▶ _What the task asks_
Please start at the first line of the records beneath and quote each line exactly, ending with the line containing "v_buses : Outport".

START Records for the task

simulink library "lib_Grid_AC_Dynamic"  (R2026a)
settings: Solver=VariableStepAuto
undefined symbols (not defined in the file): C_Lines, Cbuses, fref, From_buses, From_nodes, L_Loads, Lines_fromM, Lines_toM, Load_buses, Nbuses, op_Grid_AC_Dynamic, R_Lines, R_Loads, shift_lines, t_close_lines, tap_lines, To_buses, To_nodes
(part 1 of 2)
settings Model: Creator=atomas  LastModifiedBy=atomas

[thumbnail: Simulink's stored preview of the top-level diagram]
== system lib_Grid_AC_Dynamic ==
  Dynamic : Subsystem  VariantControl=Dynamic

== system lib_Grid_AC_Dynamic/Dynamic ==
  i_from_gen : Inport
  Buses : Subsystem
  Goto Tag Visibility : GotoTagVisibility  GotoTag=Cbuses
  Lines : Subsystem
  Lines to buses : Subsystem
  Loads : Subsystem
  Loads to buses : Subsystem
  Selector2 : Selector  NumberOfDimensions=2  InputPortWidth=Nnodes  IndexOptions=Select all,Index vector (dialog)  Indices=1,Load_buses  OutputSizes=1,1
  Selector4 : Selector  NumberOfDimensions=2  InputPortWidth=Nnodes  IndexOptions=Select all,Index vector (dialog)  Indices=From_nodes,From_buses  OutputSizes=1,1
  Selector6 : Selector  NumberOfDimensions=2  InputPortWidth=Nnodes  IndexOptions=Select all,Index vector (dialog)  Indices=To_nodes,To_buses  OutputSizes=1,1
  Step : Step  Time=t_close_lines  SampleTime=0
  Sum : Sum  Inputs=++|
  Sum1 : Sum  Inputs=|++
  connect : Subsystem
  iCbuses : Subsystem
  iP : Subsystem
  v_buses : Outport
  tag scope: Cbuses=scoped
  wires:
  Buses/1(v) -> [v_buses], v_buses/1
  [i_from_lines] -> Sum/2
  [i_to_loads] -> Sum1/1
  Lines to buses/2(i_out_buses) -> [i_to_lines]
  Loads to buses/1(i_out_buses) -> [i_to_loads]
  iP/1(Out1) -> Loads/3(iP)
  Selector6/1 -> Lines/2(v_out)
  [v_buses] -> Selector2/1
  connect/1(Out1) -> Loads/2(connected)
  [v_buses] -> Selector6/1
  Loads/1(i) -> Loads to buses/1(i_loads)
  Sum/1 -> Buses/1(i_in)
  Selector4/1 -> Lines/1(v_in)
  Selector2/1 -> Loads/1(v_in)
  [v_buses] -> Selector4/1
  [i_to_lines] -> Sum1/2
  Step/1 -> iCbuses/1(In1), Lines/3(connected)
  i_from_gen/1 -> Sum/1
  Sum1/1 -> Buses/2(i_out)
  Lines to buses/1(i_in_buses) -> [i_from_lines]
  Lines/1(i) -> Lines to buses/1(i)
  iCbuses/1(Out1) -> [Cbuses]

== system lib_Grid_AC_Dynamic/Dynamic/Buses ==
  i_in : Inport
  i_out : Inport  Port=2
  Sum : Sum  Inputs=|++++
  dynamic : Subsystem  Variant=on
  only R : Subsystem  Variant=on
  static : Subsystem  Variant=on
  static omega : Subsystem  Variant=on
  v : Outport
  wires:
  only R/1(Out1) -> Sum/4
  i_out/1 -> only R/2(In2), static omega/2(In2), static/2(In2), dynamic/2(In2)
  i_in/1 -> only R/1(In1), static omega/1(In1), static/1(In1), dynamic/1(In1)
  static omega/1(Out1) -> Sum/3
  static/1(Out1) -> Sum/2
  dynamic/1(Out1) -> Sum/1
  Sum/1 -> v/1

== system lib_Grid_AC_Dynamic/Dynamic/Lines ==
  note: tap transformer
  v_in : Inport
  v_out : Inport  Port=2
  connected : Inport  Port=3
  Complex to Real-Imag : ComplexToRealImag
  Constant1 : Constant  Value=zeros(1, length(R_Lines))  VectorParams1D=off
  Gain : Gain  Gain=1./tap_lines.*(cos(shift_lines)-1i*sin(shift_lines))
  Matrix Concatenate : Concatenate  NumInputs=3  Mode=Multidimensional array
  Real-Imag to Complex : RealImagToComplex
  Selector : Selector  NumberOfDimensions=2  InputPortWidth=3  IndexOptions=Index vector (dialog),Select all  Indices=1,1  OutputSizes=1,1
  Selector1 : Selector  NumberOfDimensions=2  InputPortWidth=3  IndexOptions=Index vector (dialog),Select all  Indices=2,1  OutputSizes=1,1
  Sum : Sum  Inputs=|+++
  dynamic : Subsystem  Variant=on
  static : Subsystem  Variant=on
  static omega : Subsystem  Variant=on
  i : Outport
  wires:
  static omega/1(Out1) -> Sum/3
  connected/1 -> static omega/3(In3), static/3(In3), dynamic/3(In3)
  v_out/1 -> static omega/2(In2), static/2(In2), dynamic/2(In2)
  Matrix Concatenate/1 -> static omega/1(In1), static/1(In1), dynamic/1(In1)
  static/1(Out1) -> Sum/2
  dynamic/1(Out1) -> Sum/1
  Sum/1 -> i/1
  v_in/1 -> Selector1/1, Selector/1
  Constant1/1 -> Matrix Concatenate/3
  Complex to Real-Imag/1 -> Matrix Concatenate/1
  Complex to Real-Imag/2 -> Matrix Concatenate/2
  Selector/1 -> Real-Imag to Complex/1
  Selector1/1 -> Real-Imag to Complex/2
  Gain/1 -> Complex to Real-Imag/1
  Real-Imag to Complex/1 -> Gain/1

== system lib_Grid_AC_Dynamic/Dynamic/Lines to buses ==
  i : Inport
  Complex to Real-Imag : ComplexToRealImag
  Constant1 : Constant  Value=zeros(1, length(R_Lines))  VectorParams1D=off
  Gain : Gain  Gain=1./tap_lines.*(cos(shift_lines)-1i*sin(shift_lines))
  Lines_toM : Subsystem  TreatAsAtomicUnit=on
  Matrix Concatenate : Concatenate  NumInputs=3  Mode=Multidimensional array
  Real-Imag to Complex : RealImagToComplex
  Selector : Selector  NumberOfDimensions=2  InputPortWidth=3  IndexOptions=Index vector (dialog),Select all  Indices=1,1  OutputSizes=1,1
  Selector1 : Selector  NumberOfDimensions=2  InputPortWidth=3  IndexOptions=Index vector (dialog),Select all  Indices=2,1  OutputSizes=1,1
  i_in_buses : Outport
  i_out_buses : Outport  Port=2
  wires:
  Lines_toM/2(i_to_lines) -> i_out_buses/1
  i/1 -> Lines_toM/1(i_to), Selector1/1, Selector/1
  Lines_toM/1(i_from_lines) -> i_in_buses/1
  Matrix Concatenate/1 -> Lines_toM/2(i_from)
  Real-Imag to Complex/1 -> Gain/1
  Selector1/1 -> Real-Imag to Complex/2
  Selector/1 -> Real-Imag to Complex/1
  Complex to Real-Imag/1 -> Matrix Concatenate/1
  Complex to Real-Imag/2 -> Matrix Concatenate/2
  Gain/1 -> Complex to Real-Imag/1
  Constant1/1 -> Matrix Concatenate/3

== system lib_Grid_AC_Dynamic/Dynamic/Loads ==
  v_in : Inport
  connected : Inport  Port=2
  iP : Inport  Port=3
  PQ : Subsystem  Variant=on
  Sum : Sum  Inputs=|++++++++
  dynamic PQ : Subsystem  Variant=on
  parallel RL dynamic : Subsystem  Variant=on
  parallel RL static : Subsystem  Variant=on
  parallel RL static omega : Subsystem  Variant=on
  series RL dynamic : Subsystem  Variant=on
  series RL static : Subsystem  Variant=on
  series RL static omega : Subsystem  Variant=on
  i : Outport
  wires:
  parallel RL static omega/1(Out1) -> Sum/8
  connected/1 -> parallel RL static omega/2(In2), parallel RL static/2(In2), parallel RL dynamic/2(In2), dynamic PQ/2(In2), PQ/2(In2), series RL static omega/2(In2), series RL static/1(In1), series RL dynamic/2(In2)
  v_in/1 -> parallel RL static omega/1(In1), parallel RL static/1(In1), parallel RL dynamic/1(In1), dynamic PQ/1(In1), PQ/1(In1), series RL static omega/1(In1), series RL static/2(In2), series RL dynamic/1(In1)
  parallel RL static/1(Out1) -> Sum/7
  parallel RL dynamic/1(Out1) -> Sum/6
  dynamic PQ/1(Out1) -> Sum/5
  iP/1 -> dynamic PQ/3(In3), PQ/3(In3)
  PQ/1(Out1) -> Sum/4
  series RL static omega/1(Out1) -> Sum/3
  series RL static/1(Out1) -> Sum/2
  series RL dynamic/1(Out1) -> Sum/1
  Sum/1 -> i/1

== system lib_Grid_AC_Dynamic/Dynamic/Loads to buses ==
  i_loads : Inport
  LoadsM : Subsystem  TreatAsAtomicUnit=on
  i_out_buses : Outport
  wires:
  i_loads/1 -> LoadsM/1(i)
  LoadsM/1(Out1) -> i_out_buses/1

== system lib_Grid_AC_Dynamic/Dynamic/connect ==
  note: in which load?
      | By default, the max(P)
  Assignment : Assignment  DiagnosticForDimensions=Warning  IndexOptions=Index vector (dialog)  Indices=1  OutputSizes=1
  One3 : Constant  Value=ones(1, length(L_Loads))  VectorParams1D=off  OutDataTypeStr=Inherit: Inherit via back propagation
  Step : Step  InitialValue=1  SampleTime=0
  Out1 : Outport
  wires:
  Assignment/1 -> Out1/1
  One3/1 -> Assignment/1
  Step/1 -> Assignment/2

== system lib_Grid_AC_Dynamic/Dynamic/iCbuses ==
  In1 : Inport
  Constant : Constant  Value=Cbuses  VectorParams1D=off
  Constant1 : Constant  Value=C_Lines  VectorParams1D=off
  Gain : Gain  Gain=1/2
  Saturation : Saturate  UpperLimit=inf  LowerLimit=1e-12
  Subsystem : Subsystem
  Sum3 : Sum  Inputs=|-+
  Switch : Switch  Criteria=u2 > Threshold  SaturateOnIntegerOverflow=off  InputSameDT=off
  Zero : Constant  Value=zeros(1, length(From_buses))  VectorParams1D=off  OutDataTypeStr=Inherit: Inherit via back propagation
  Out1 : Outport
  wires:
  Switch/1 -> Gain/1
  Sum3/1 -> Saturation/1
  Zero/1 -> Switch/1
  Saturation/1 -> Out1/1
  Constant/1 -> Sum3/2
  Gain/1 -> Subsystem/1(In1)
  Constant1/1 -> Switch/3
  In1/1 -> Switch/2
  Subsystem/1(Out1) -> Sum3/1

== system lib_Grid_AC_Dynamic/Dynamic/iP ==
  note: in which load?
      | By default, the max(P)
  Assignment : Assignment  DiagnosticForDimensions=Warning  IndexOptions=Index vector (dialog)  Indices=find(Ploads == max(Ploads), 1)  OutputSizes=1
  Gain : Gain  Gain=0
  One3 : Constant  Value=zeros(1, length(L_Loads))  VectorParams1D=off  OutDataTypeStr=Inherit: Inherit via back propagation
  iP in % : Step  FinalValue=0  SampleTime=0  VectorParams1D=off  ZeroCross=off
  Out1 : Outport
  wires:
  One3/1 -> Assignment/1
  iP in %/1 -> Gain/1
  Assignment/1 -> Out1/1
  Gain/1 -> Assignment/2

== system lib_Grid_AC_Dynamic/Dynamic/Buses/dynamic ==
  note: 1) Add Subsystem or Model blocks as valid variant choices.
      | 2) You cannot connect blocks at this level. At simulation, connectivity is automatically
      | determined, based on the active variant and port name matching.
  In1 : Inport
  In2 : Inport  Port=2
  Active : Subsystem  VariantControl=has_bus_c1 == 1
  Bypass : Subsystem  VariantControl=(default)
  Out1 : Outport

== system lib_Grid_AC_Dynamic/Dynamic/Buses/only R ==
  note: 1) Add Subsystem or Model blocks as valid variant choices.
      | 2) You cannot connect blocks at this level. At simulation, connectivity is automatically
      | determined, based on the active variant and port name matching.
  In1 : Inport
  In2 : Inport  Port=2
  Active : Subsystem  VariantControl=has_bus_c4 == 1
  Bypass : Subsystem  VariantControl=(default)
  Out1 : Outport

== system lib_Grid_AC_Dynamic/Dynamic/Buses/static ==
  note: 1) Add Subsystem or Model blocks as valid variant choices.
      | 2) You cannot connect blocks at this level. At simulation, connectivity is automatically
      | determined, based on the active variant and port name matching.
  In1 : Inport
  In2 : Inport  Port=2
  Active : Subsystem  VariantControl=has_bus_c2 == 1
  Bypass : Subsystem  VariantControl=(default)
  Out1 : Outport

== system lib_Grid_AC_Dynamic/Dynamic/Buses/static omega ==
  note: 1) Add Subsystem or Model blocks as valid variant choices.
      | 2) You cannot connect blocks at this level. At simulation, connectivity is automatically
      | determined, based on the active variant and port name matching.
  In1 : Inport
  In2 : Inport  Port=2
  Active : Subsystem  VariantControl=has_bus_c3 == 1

END Records for the task

▶ _Response area_
simulink library "lib_Grid_AC_Dynamic"  (R2026a)
settings: Solver=VariableStepAuto
undefined symbols (not defined in the file): C_Lines, Cbuses, fref, From_buses, From_nodes, L_Loads, Lines_fromM, Lines_toM, Load_buses, Nbuses, op_Grid_AC_Dynamic, R_Lines, R_Loads, shift_lines, t_close_lines, tap_lines, To_buses, To_nodes
(part 1 of 2)
settings Model: Creator=atomas  LastModifiedBy=atomas

[thumbnail: Simulink's stored preview of the top-level diagram]
== system lib_Grid_AC_Dynamic ==
  Dynamic : Subsystem  VariantControl=Dynamic

== system lib_Grid_AC_Dynamic/Dynamic ==
  i_from_gen : Inport
  Buses : Subsystem
  Goto Tag Visibility : GotoTagVisibility  GotoTag=Cbuses
  Lines : Subsystem
  Lines to buses : Subsystem
  Loads : Subsystem
  Loads to buses : Subsystem
  Selector2 : Selector  NumberOfDimensions=2  InputPortWidth=Nnodes  IndexOptions=Select all,Index vector (dialog)  Indices=1,Load_buses  OutputSizes=1,1
  Selector4 : Selector  NumberOfDimensions=2  InputPortWidth=Nnodes  IndexOptions=Select all,Index vector (dialog)  Indices=From_nodes,From_buses  OutputSizes=1,1
  Selector6 : Selector  NumberOfDimensions=2  InputPortWidth=Nnodes  IndexOptions=Select all,Index vector (dialog)  Indices=To_nodes,To_buses  OutputSizes=1,1
  Step : Step  Time=t_close_lines  SampleTime=0
  Sum : Sum  Inputs=++|
  Sum1 : Sum  Inputs=|++
  connect : Subsystem
  iCbuses : Subsystem
  iP : Subsystem
  v_buses : Outport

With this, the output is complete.